For the business world, cryptocurrency is now getting the support of different industries. Blockchain-based technology is now valued for the performance of the decade. Once 1,309.03 bitcoin was worth a dollar, now you can see the evolution. Bitcoin and other cryptocurrencies now cover almost 277 billion dollars of the market. The popularity has increased since the price increased in 2013 and 2017. That two significant years helped to promote cryptocurrency and bitcoin. Now, the price of Bitcoin is going to $10,000.
While the industry is absorbing cryptocurrencies, the risk associated with cryptocurrencies is not less, if you assume. No investment or trading is simply assumed to be free of this risk. Whenever you enter the trading world, you will understand that every investment is glued to risk. Cryptocurrency exchange, though, carries potentially high risks.
Which threats remain inevitable for the crypto industries, even though technology promoted for a secure platform?
The trend of the future, as more and more companies and countries are adopting them as legitimate money types, might be cryptocurrencies, such as bitcoin. But the risk and error potential is widespread, as with any new technology. Although different blockchains designed to reduce risk support cryptocurrencies, there is an inevitable amount of risk.
· The first explanation that the cryptocurrency industry is classified in a high-risk region is lack of regulation. Since the outbreak of bitcoin, many cryptocurrencies have been introduced to the system, but the government is still uncertain about building a proper structure to regulate the technology. As a result of the lack of oversight, the government will not be responsible for any losses on the sector.
· The next factor I could mention is market volatility. Not only bitcoin, but the entire market has been showing turmoil throughout the year. Market prediction sometimes doesn’t save investors from losing money through cryptocurrency trading. Uncertainty of the business still left the dealer covered and the danger zone.
· The theft is the third reason to give the cryptocurrency market a risky market tag. Yes, yes. Thanks to the open and entirely computer-based system, the industry has suffered billions of dollars to date due to hacking. Because the system is designed as a highly secure and almost untraceable network, it’s always hard to find the intruder. Once you’ve lost your crypt to a hacker, it’s unrecoverable.
Here, three of the most effective reasons that are screaming high for insurance for the industry. Maybe the risks which are associated with the cryptocurrency companies are limited but the effects are intense. Insurance is needed to cover the asset risks and create a safer environment for users inside the crypto space.
What does it mean to users if crypto exchanges purchase insurance?
It was in 2014 when the Great American Insurance Group provided Bitcoin insurance coverage. The initial stage was to build custody of the bitcoin criminal case. Particularly in the case of hacking, robbery, etc. guarded via insurance giants in the market.

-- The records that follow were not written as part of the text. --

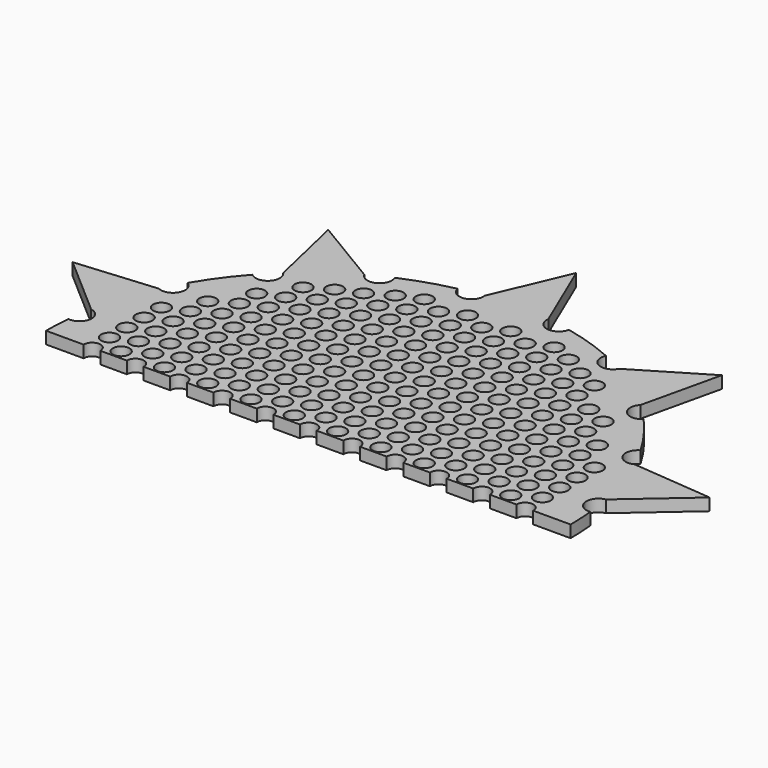
from build123d import *

# Parameters (mm, degrees)
F0_R     = 2.5
F1_DEPTH = 0.127
F3_R     = 0.0875
F4_DEPTH = 0.128
F5_W     = 8.2140588202
F5_H     = 3.6369306035
F6_DEPTH = 25


with BuildPart() as f1:
    # F0 (on Top) → F1 (new body)
    with BuildSketch(Plane.XY):
        with BuildLine():
            ThreePointArc((0.4371819273, 2.5863102989), (0.355691734, 2.6367647524), (0.332670369, 2.7298041002))
            ThreePointArc((0.332670369, 2.7298041002), (0, 2.75), (-0.332670369, 2.7298041002))
            ThreePointArc((-0.332670369, 2.7298041002), (-0.3556917334, 2.6367647532), (-0.4371819253, 2.5863102993))
            ThreePointArc((-0.4371819253, 2.5863102993), (1e-09, 2.623), (0.4371819273, 2.5863102989))
        make_face()
        with BuildLine():
            ThreePointArc((-0.332670369, 2.7298041002), (0, 2.75), (0.332670369, 2.7298041002))
            Line((0.332670369, 2.7298041002), (0, 3.512))
            Line((0, 3.512), (-0.332670369, 2.7298041002))
        make_face()
        with BuildLine():
            ThreePointArc((0.58305072, 2.6874805781), (0.5307280391, 2.6071771648), (0.4371819273, 2.5863102989))
            ThreePointArc((0.4371819273, 2.5863102989), (0.8105515843, 2.4946212396), (1.1665074579, 2.3493380665))
            ThreePointArc((1.1665074579, 2.3493380665), (1.1030922874, 2.4212047401), (1.1079635086, 2.5169260743))
            ThreePointArc((1.1079635086, 2.5169260743), (0.8497967345, 2.6154054198), (0.58305072, 2.6874805781))
        make_face()
        with BuildLine():
            ThreePointArc((1.1665074579, 2.3493380665), (0.8105515843, 2.4946212396), (0.4371819273, 2.5863102989))
            ThreePointArc((0.4371819273, 2.5863102989), (1e-09, 2.623), (-0.4371819253, 2.5863102993))
            ThreePointArc((-0.4371819253, 2.5863102993), (-0.8105515878, 2.4946212385), (-1.1665074663, 2.3493380623))
            ThreePointArc((-1.1665074663, 2.3493380623), (-1.5417607284, 2.1220515678), (-1.8738826621, 1.8353998934))
            ThreePointArc((-1.8738826621, 1.8353998934), (-2.1220515776, 1.5417607149), (-2.3246306188, 1.2149985539))
            ThreePointArc((-2.3246306188, 1.2149985539), (-2.4946212423, 0.8105515762), (-2.5948239078, 0.3834291163))
            ThreePointArc((-2.5948239078, 0.3834291163), (-2.623, 0), (-2.5948239078, -0.3834291163))
            ThreePointArc((-2.5948239078, -0.3834291163), (-2.4946212423, -0.8105515762), (-2.3246306188, -1.2149985539))
            ThreePointArc((-2.3246306188, -1.2149985539), (-2.1220515776, -1.5417607149), (-1.8738826621, -1.8353998934))
            ThreePointArc((-1.8738826621, -1.8353998934), (-1.5417607284, -2.1220515678), (-1.1665074663, -2.3493380623))
            ThreePointArc((-1.1665074663, -2.3493380623), (-0.8105515897, -2.4946212379), (-0.4371819293, -2.5863102986))
            ThreePointArc((-0.4371819293, -2.5863102986), (-1.56e-08, -2.623), (0.4371818986, -2.5863103038))
            ThreePointArc((0.4371818986, -2.5863103038), (0.8105515616, -2.494621247), (1.1665074412, -2.3493380748))
            ThreePointArc((1.1665074412, -2.3493380748), (1.541760707, -2.1220515834), (1.8738826446, -1.8353999112))
            ThreePointArc((1.8738826446, -1.8353999112), (2.1220515703, -1.541760725), (2.3246306188, -1.2149985539))
            ThreePointArc((2.3246306188, -1.2149985539), (2.4946212397, -0.8105515841), (2.5948239054, -0.3834291328))
            ThreePointArc((2.5948239054, -0.3834291328), (2.6159464926, -0.192231496), (2.623, 0))
            ThreePointArc((2.623, 0), (2.6159464926, 0.192231496), (2.5948239054, 0.3834291328))
            ThreePointArc((2.5948239054, 0.3834291328), (2.4946212397, 0.8105515841), (2.3246306188, 1.2149985539))
            ThreePointArc((2.3246306188, 1.2149985539), (2.1220515776, 1.5417607149), (1.8738826621, 1.8353998934))
            ThreePointArc((1.8738826621, 1.8353998934), (1.5417607246, 2.1220515706), (1.1665074579, 2.3493380665))
        make_face()
        Circle(F0_R, mode=Mode.SUBTRACT)
        with BuildLine():
            ThreePointArc((-1.1665074663, 2.3493380623), (-0.8105515878, 2.4946212385), (-0.4371819253, 2.5863102993))
            ThreePointArc((-0.4371819253, 2.5863102993), (-0.5307280383, 2.6071771643), (-0.58305072, 2.6874805781))
            ThreePointArc((-0.58305072, 2.6874805781), (-0.8497967345, 2.6154054198), (-1.1079635086, 2.5169260743))
            ThreePointArc((-1.1079635086, 2.5169260743), (-1.1030922889, 2.4212047357), (-1.1665074663, 2.3493380623))
        make_face()
        with BuildLine():
            ThreePointArc((1.3354026098, 2.4039966451), (1.2620907858, 2.3422578531), (1.1665074579, 2.3493380665))
            ThreePointArc((1.1665074579, 2.3493380665), (1.5417607246, 2.1220515706), (1.8738826621, 1.8353998934))
            ThreePointArc((1.8738826621, 1.8353998934), (1.8376120928, 1.9241171381), (1.8736745738, 2.0129191717))
            ThreePointArc((1.8736745738, 2.0129191717), (1.6164094438, 2.2247967345), (1.3354026098, 2.4039966451))
        make_face()
        with BuildLine():
            ThreePointArc((-1.8738826621, 1.8353998934), (-1.5417607284, 2.1220515678), (-1.1665074663, 2.3493380623))
            ThreePointArc((-1.1665074663, 2.3493380623), (-1.2620907902, 2.3422578545), (-1.3354026098, 2.4039966451))
            ThreePointArc((-1.3354026098, 2.4039966451), (-1.6164094438, 2.2247967345), (-1.8736745738, 2.0129191717))
            ThreePointArc((-1.8736745738, 2.0129191717), (-1.8376120928, 1.9241171381), (-1.8738826621, 1.8353998934))
        make_face()
        with BuildLine():
            ThreePointArc((2.0513593907, 1.8315088452), (1.9618282918, 1.7972965193), (1.8738826621, 1.8353998934))
            ThreePointArc((1.8738826621, 1.8353998934), (2.1220515776, 1.5417607149), (2.3246306188, 1.2149985539))
            ThreePointArc((2.3246306188, 1.2149985539), (2.315568848, 1.3104144102), (2.3757733352, 1.3849913573))
            ThreePointArc((2.3757733352, 1.3849913573), (2.2247967345, 1.6164094438), (2.0513593907, 1.8315088452))
        make_face()
        with BuildLine():
            Line((2.0643018061, 2.8412676842), (1.3354026098, 2.4039966451))
            ThreePointArc((1.3354026098, 2.4039966451), (1.6164094438, 2.2247967345), (1.8736745738, 2.0129191717))
            Line((1.8736745738, 2.0129191717), (2.0643018061, 2.8412676842))
        make_face()
        with BuildLine():
            ThreePointArc((-2.3246306188, 1.2149985539), (-2.1220515776, 1.5417607149), (-1.8738826621, 1.8353998934))
            ThreePointArc((-1.8738826621, 1.8353998934), (-1.9618282918, 1.7972965193), (-2.0513593907, 1.8315088452))
            ThreePointArc((-2.0513593907, 1.8315088452), (-2.2247967345, 1.6164094438), (-2.3757733352, 1.3849913573))
            ThreePointArc((-2.3757733352, 1.3849913573), (-2.315568848, 1.3104144102), (-2.3246306188, 1.2149985539))
        make_face()
        with BuildLine():
            ThreePointArc((-1.8736745738, 2.0129191717), (-1.6164094438, 2.2247967345), (-1.3354026098, 2.4039966451))
            Line((-1.3354026098, 2.4039966451), (-2.0643018061, 2.8412676842))
            Line((-2.0643018061, 2.8412676842), (-1.8736745738, 2.0129191717))
        make_face()
        with BuildLine():
            ThreePointArc((2.4933971802, 1.1599441805), (2.3977975102, 1.1530880597), (2.3246306188, 1.2149985539))
            ThreePointArc((2.3246306188, 1.2149985539), (2.4946212397, 0.8105515841), (2.5948239054, 0.3834291328))
            ThreePointArc((2.5948239054, 0.3834291328), (2.6176270957, 0.4765221848), (2.6989987753, 0.5271675361))
            ThreePointArc((2.6989987753, 0.5271675361), (2.6154054198, 0.8497967345), (2.4933971802, 1.1599441805))
        make_face()
        with BuildLine():
            ThreePointArc((-2.5948239078, 0.3834291163), (-2.4946212423, 0.8105515762), (-2.3246306188, 1.2149985539))
            ThreePointArc((-2.3246306188, 1.2149985539), (-2.3977975102, 1.1530880597), (-2.4933971802, 1.1599441805))
            ThreePointArc((-2.4933971802, 1.1599441805), (-2.6154054198, 0.8497967345), (-2.6989987753, 0.5271675361))
            ThreePointArc((-2.6989987753, 0.5271675361), (-2.6176270909, 0.4765221781), (-2.5948239078, 0.3834291163))
        make_face()
        with BuildLine():
            ThreePointArc((2.7361184973, 0.2759629841), (2.6435768078, 0.300909697), (2.5948239054, 0.3834291328))
            ThreePointArc((2.5948239054, 0.3834291328), (2.6159464926, 0.192231496), (2.623, 0))
            ThreePointArc((2.623, 0), (2.6159464926, -0.192231496), (2.5948239054, -0.3834291328))
            ThreePointArc((2.5948239054, -0.3834291328), (2.6435768078, -0.300909697), (2.7361184973, -0.2759629841))
            ThreePointArc((2.7361184973, -0.2759629841), (2.75, 0), (2.7361184973, 0.2759629841))
        make_face()
        with BuildLine():
            Line((3.3401104852, 1.0852676842), (2.4933971802, 1.1599441805))
            ThreePointArc((2.4933971802, 1.1599441805), (2.6154054198, 0.8497967345), (2.6989987753, 0.5271675361))
            Line((2.6989987753, 0.5271675361), (3.3401104852, 1.0852676842))
        make_face()
        with BuildLine():
            ThreePointArc((-2.5948239078, -0.3834291163), (-2.623, 0), (-2.5948239078, 0.3834291163))
            ThreePointArc((-2.5948239078, 0.3834291163), (-2.6435768144, 0.3009096919), (-2.7361184973, 0.2759629841))
            ThreePointArc((-2.7361184973, 0.2759629841), (-2.75, 0), (-2.7361184973, -0.2759629841))
            ThreePointArc((-2.7361184973, -0.2759629841), (-2.6435768144, -0.3009096919), (-2.5948239078, -0.3834291163))
        make_face()
        with BuildLine():
            ThreePointArc((-2.6989987753, 0.5271675361), (-2.6154054198, 0.8497967345), (-2.4933971802, 1.1599441805))
            Line((-2.4933971802, 1.1599441805), (-3.3401104852, 1.0852676842))
            Line((-3.3401104852, 1.0852676842), (-2.6989987753, 0.5271675361))
        make_face()
        with BuildLine():
            ThreePointArc((-2.3246306188, -1.2149985539), (-2.4946212423, -0.8105515762), (-2.5948239078, -0.3834291163))
            ThreePointArc((-2.5948239078, -0.3834291163), (-2.6176270909, -0.4765221781), (-2.6989987753, -0.5271675361))
            ThreePointArc((-2.6989987753, -0.5271675361), (-2.6154054198, -0.8497967345), (-2.4933971802, -1.1599441805))
            ThreePointArc((-2.4933971802, -1.1599441805), (-2.3977975102, -1.1530880597), (-2.3246306188, -1.2149985539))
        make_face()
        with BuildLine():
            ThreePointArc((2.6989987753, -0.5271675361), (2.6176270957, -0.4765221848), (2.5948239054, -0.3834291328))
            ThreePointArc((2.5948239054, -0.3834291328), (2.4946212397, -0.8105515841), (2.3246306188, -1.2149985539))
            ThreePointArc((2.3246306188, -1.2149985539), (2.3977975102, -1.1530880597), (2.4933971802, -1.1599441805))
            ThreePointArc((2.4933971802, -1.1599441805), (2.6154054198, -0.8497967345), (2.6989987753, -0.5271675361))
        make_face()
        with BuildLine():
            ThreePointArc((-1.8738826621, -1.8353998934), (-2.1220515776, -1.5417607149), (-2.3246306188, -1.2149985539))
            ThreePointArc((-2.3246306188, -1.2149985539), (-2.315568848, -1.3104144102), (-2.3757733352, -1.3849913573))
            ThreePointArc((-2.3757733352, -1.3849913573), (-2.2247967345, -1.6164094438), (-2.0513593907, -1.8315088452))
            ThreePointArc((-2.0513593907, -1.8315088452), (-1.9618282918, -1.7972965193), (-1.8738826621, -1.8353998934))
        make_face()
        with BuildLine():
            ThreePointArc((-2.4933971802, -1.1599441805), (-2.6154054198, -0.8497967345), (-2.6989987753, -0.5271675361))
            Line((-2.6989987753, -0.5271675361), (-3.3401104852, -1.0852676842))
            Line((-3.3401104852, -1.0852676842), (-2.4933971802, -1.1599441805))
        make_face()
        with BuildLine():
            ThreePointArc((2.3757733352, -1.3849913573), (2.315568848, -1.3104144102), (2.3246306188, -1.2149985539))
            ThreePointArc((2.3246306188, -1.2149985539), (2.1220515703, -1.541760725), (1.8738826446, -1.8353999112))
            ThreePointArc((1.8738826446, -1.8353999112), (1.9618282794, -1.7972965196), (2.0513593907, -1.8315088452))
            ThreePointArc((2.0513593907, -1.8315088452), (2.2247967345, -1.6164094438), (2.3757733352, -1.3849913573))
        make_face()
        with BuildLine():
            Line((3.3401104852, -1.0852676842), (2.6989987753, -0.5271675361))
            ThreePointArc((2.6989987753, -0.5271675361), (2.6154054198, -0.8497967345), (2.4933971802, -1.1599441805))
            Line((2.4933971802, -1.1599441805), (3.3401104852, -1.0852676842))
        make_face()
        with BuildLine():
            ThreePointArc((-1.1665074663, -2.3493380623), (-1.5417607284, -2.1220515678), (-1.8738826621, -1.8353998934))
            ThreePointArc((-1.8738826621, -1.8353998934), (-1.8376120928, -1.9241171381), (-1.8736745738, -2.0129191717))
            ThreePointArc((-1.8736745738, -2.0129191717), (-1.6164094438, -2.2247967345), (-1.3354026098, -2.4039966451))
            ThreePointArc((-1.3354026098, -2.4039966451), (-1.2620907902, -2.3422578545), (-1.1665074663, -2.3493380623))
        make_face()
        with BuildLine():
            ThreePointArc((1.8736745738, -2.0129191717), (1.8376120928, -1.9241171506), (1.8738826446, -1.8353999112))
            ThreePointArc((1.8738826446, -1.8353999112), (1.541760707, -2.1220515834), (1.1665074412, -2.3493380748))
            ThreePointArc((1.1665074412, -2.3493380748), (1.2620907769, -2.3422578502), (1.3354026098, -2.4039966451))
            ThreePointArc((1.3354026098, -2.4039966451), (1.6164094438, -2.2247967345), (1.8736745738, -2.0129191717))
        make_face()
        with BuildLine():
            ThreePointArc((-0.4371819293, -2.5863102986), (-0.8105515897, -2.4946212379), (-1.1665074663, -2.3493380623))
            ThreePointArc((-1.1665074663, -2.3493380623), (-1.1030922889, -2.4212047357), (-1.1079635086, -2.5169260743))
            ThreePointArc((-1.1079635086, -2.5169260743), (-0.8497967345, -2.6154054198), (-0.58305072, -2.6874805781))
            ThreePointArc((-0.58305072, -2.6874805781), (-0.5307280399, -2.6071771654), (-0.4371819293, -2.5863102986))
        make_face()
        with BuildLine():
            ThreePointArc((-1.3354026098, -2.4039966451), (-1.6164094438, -2.2247967345), (-1.8736745738, -2.0129191717))
            Line((-1.8736745738, -2.0129191717), (-2.0643018061, -2.8412676842))
            Line((-2.0643018061, -2.8412676842), (-1.3354026098, -2.4039966451))
        make_face()
        with BuildLine():
            ThreePointArc((1.1079635086, -2.5169260743), (1.1030922843, -2.4212047489), (1.1665074412, -2.3493380748))
            ThreePointArc((1.1665074412, -2.3493380748), (0.8105515616, -2.494621247), (0.4371818986, -2.5863103038))
            ThreePointArc((0.4371818986, -2.5863103038), (0.5307280271, -2.6071771565), (0.58305072, -2.6874805781))
            ThreePointArc((0.58305072, -2.6874805781), (0.8497967345, -2.6154054198), (1.1079635086, -2.5169260743))
        make_face()
        with BuildLine():
            Line((2.0643018061, -2.8412676842), (1.8736745738, -2.0129191717))
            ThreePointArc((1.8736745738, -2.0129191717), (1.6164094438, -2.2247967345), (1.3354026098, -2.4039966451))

That initial approach to bitcoin triggered the idea for exchanges to create custodianship for better service to users. Today, the US government has also given a custodial warning where companies hold large amounts of funds.
Crypto exchanges carry users ‘ hard and cold wallets. Many consumers want crypto exchanges to protect their assets. But what the networks have been hacked? Since exchanges get most of the fund from customers. We have a pocket of people. Which makes exchanges the hacker’s prime target. It’s more convenient to hack a platform and steal money than to go to a user account.
CipherTrace reported that $4 billion worth of cryptocurrency, was stolen by hackers in 2019. Exchanges like Bitfinex, Bittrue, Binance, etc. lost a million dollar worth of cryptocurrencies due to security problems. Custody also needs insurance companies ‘ networks to ensure that any criminal act in the crypto-exchange does not harm the assets of the client.
The insurance scheme would guarantee the stability of the wallet and the crypto-exchange firms are pushed towards it. Coinbase received a portfolio worth $255 million from Lloyd’s of London. Bakkt, the Bitcoin Futures Trading Platform, has covered $125 million. BitGo has acquired a $100 million contract from Lloyd’s of London. In 2018, Gemini purchased insurance form, two insurance giants, Aon and the Federal Deposit Insurance Corporation. Other than these Exchanges, the Kingdom Trust, Anchorage and Fidelity all purchased insurance for ultimate protection.
Insurance companies cover the exchange platform that holds the customer’s assets in their wallets. Big markets are open forums for criminals, and alluring to rob funds in one stroke. Such markets buy, sell and also provide the customer with custody. Wallet stability is one of the major achievements of major exchanges including Binance. This site already holds a large number of consumer assets. Getting an insurance policy not only enhances confidence towards the company but also renders the platform more stable. There is no guarantee that crypto exchanges provide customers with full solidity on the platform.